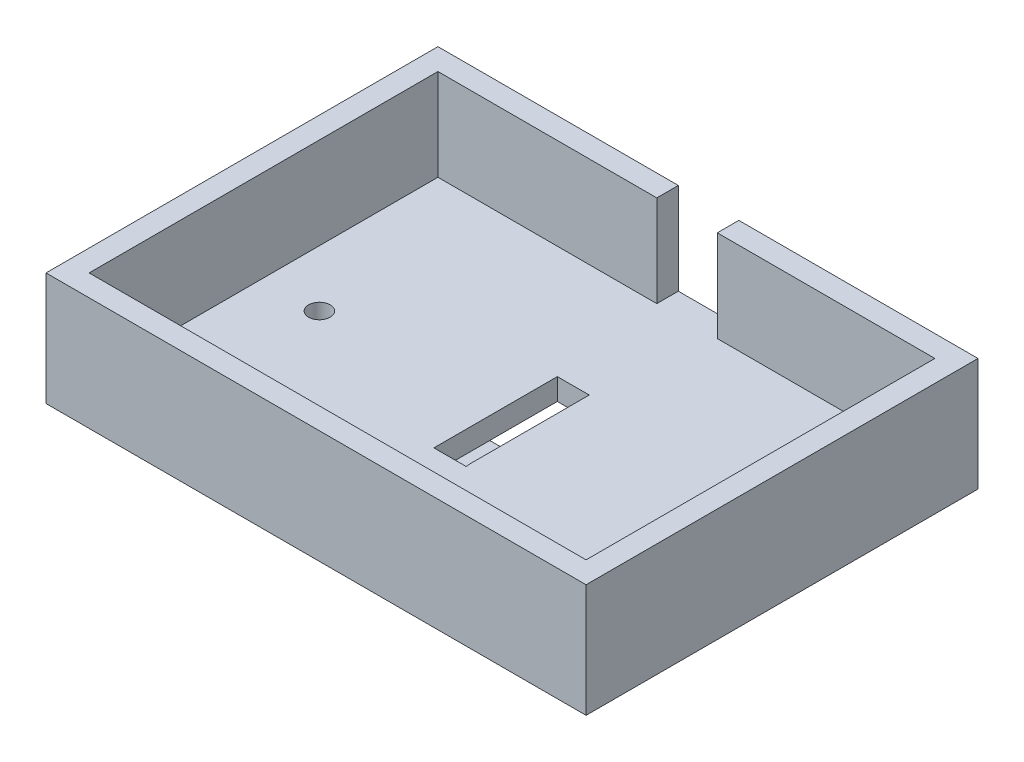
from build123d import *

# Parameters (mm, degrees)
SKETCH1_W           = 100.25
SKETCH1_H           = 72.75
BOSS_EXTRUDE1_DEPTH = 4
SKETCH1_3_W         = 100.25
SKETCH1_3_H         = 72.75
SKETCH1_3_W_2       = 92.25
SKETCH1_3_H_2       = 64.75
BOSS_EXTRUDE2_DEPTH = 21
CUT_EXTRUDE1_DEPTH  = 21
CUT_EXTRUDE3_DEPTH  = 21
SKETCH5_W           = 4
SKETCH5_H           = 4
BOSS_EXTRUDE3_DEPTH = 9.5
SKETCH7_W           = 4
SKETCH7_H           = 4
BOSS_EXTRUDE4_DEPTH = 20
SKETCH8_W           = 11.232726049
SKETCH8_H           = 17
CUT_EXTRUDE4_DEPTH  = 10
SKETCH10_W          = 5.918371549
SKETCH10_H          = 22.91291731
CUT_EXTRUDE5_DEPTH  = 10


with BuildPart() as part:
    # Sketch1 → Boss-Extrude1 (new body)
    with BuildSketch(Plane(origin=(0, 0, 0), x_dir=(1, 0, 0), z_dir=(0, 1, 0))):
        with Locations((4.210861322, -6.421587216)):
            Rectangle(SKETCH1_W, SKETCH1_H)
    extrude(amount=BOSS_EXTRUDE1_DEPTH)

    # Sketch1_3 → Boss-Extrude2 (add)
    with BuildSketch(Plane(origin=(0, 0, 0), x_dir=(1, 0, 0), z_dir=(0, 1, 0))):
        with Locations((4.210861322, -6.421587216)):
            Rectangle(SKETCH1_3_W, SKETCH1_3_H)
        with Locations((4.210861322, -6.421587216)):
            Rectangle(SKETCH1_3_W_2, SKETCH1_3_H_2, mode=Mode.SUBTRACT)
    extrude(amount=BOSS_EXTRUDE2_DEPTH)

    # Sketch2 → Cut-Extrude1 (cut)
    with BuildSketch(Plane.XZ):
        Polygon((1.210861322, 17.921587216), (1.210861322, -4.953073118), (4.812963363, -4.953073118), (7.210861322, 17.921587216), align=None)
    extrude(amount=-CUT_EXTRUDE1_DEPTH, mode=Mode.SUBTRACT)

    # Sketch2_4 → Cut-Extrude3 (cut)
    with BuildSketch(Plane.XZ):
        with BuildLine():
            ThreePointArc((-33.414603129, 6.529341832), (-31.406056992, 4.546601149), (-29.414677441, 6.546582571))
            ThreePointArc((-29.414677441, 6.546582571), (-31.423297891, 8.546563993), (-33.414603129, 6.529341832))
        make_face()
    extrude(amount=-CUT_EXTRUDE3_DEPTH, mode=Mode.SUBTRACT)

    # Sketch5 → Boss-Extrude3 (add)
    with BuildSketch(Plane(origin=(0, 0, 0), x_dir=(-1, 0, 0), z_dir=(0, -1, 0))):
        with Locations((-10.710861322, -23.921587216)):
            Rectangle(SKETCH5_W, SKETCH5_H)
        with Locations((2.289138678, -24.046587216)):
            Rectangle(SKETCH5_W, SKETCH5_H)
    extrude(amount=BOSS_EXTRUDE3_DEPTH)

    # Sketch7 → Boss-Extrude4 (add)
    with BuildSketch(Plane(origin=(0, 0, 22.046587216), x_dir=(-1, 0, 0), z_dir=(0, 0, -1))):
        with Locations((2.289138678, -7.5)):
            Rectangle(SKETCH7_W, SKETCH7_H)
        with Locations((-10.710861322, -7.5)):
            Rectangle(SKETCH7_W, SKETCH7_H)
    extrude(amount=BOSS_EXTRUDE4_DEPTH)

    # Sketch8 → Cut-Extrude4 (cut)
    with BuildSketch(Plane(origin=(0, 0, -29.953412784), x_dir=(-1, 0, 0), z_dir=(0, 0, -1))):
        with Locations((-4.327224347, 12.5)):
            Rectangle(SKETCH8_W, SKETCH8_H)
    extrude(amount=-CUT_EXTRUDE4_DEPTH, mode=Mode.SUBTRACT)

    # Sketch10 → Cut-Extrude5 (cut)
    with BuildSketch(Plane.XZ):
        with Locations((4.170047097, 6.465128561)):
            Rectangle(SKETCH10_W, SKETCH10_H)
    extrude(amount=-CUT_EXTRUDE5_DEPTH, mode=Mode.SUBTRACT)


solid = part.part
============
**Task description**
The copy you produce must match the entries above exactly, except that it has no pictures.

**Exercise output**
from build123d import *

# Parameters (mm, degrees)
SKETCH1_W           = 100.25
SKETCH1_H           = 72.75
BOSS_EXTRUDE1_DEPTH = 4
SKETCH1_3_W         = 100.25
SKETCH1_3_H         = 72.75
SKETCH1_3_W_2       = 92.25
SKETCH1_3_H_2       = 64.75
BOSS_EXTRUDE2_DEPTH = 21
CUT_EXTRUDE1_DEPTH  = 21
CUT_EXTRUDE3_DEPTH  = 21
SKETCH5_W           = 4
SKETCH5_H           = 4
BOSS_EXTRUDE3_DEPTH = 9.5
SKETCH7_W           = 4
SKETCH7_H           = 4
BOSS_EXTRUDE4_DEPTH = 20
SKETCH8_W           = 11.232726049
SKETCH8_H           = 17
CUT_EXTRUDE4_DEPTH  = 10
SKETCH10_W          = 5.918371549
SKETCH10_H          = 22.91291731
CUT_EXTRUDE5_DEPTH  = 10


with BuildPart() as part:
    # Sketch1 → Boss-Extrude1 (new body)
    with BuildSketch(Plane(origin=(0, 0, 0), x_dir=(1, 0, 0), z_dir=(0, 1, 0))):
        with Locations((4.210861322, -6.421587216)):
            Rectangle(SKETCH1_W, SKETCH1_H)
    extrude(amount=BOSS_EXTRUDE1_DEPTH)

    # Sketch1_3 → Boss-Extrude2 (add)
    with BuildSketch(Plane(origin=(0, 0, 0), x_dir=(1, 0, 0), z_dir=(0, 1, 0))):
        with Locations((4.210861322, -6.421587216)):
            Rectangle(SKETCH1_3_W, SKETCH1_3_H)
        with Locations((4.210861322, -6.421587216)):
            Rectangle(SKETCH1_3_W_2, SKETCH1_3_H_2, mode=Mode.SUBTRACT)
    extrude(amount=BOSS_EXTRUDE2_DEPTH)

    # Sketch2 → Cut-Extrude1 (cut)
    with BuildSketch(Plane.XZ):
        Polygon((1.210861322, 17.921587216), (1.210861322, -4.953073118), (4.812963363, -4.953073118), (7.210861322, 17.921587216), align=None)
    extrude(amount=-CUT_EXTRUDE1_DEPTH, mode=Mode.SUBTRACT)

    # Sketch2_4 → Cut-Extrude3 (cut)
    with BuildSketch(Plane.XZ):
        with BuildLine():
            ThreePointArc((-33.414603129, 6.529341832), (-31.406056992, 4.546601149), (-29.414677441, 6.546582571))
            ThreePointArc((-29.414677441, 6.546582571), (-31.423297891, 8.546563993), (-33.414603129, 6.529341832))
        make_face()
    extrude(amount=-CUT_EXTRUDE3_DEPTH, mode=Mode.SUBTRACT)

    # Sketch5 → Boss-Extrude3 (add)
    with BuildSketch(Plane(origin=(0, 0, 0), x_dir=(-1, 0, 0), z_dir=(0, -1, 0))):
        with Locations((-10.710861322, -23.921587216)):
            Rectangle(SKETCH5_W, SKETCH5_H)
        with Locations((2.289138678, -24.046587216)):
            Rectangle(SKETCH5_W, SKETCH5_H)
    extrude(amount=BOSS_EXTRUDE3_DEPTH)

    # Sketch7 → Boss-Extrude4 (add)
    with BuildSketch(Plane(origin=(0, 0, 22.046587216), x_dir=(-1, 0, 0), z_dir=(0, 0, -1))):
        with Locations((2.289138678, -7.5)):
            Rectangle(SKETCH7_W, SKETCH7_H)
        with Locations((-10.710861322, -7.5)):
            Rectangle(SKETCH7_W, SKETCH7_H)
    extrude(amount=BOSS_EXTRUDE4_DEPTH)

    # Sketch8 → Cut-Extrude4 (cut)
    with BuildSketch(Plane(origin=(0, 0, -29.953412784), x_dir=(-1, 0, 0), z_dir=(0, 0, -1))):
        with Locations((-4.327224347, 12.5)):
            Rectangle(SKETCH8_W, SKETCH8_H)
    extrude(amount=-CUT_EXTRUDE4_DEPTH, mode=Mode.SUBTRACT)

    # Sketch10 → Cut-Extrude5 (cut)
    with BuildSketch(Plane.XZ):
        with Locations((4.170047097, 6.465128561)):
            Rectangle(SKETCH10_W, SKETCH10_H)
    extrude(amount=-CUT_EXTRUDE5_DEPTH, mode=Mode.SUBTRACT)


solid = part.part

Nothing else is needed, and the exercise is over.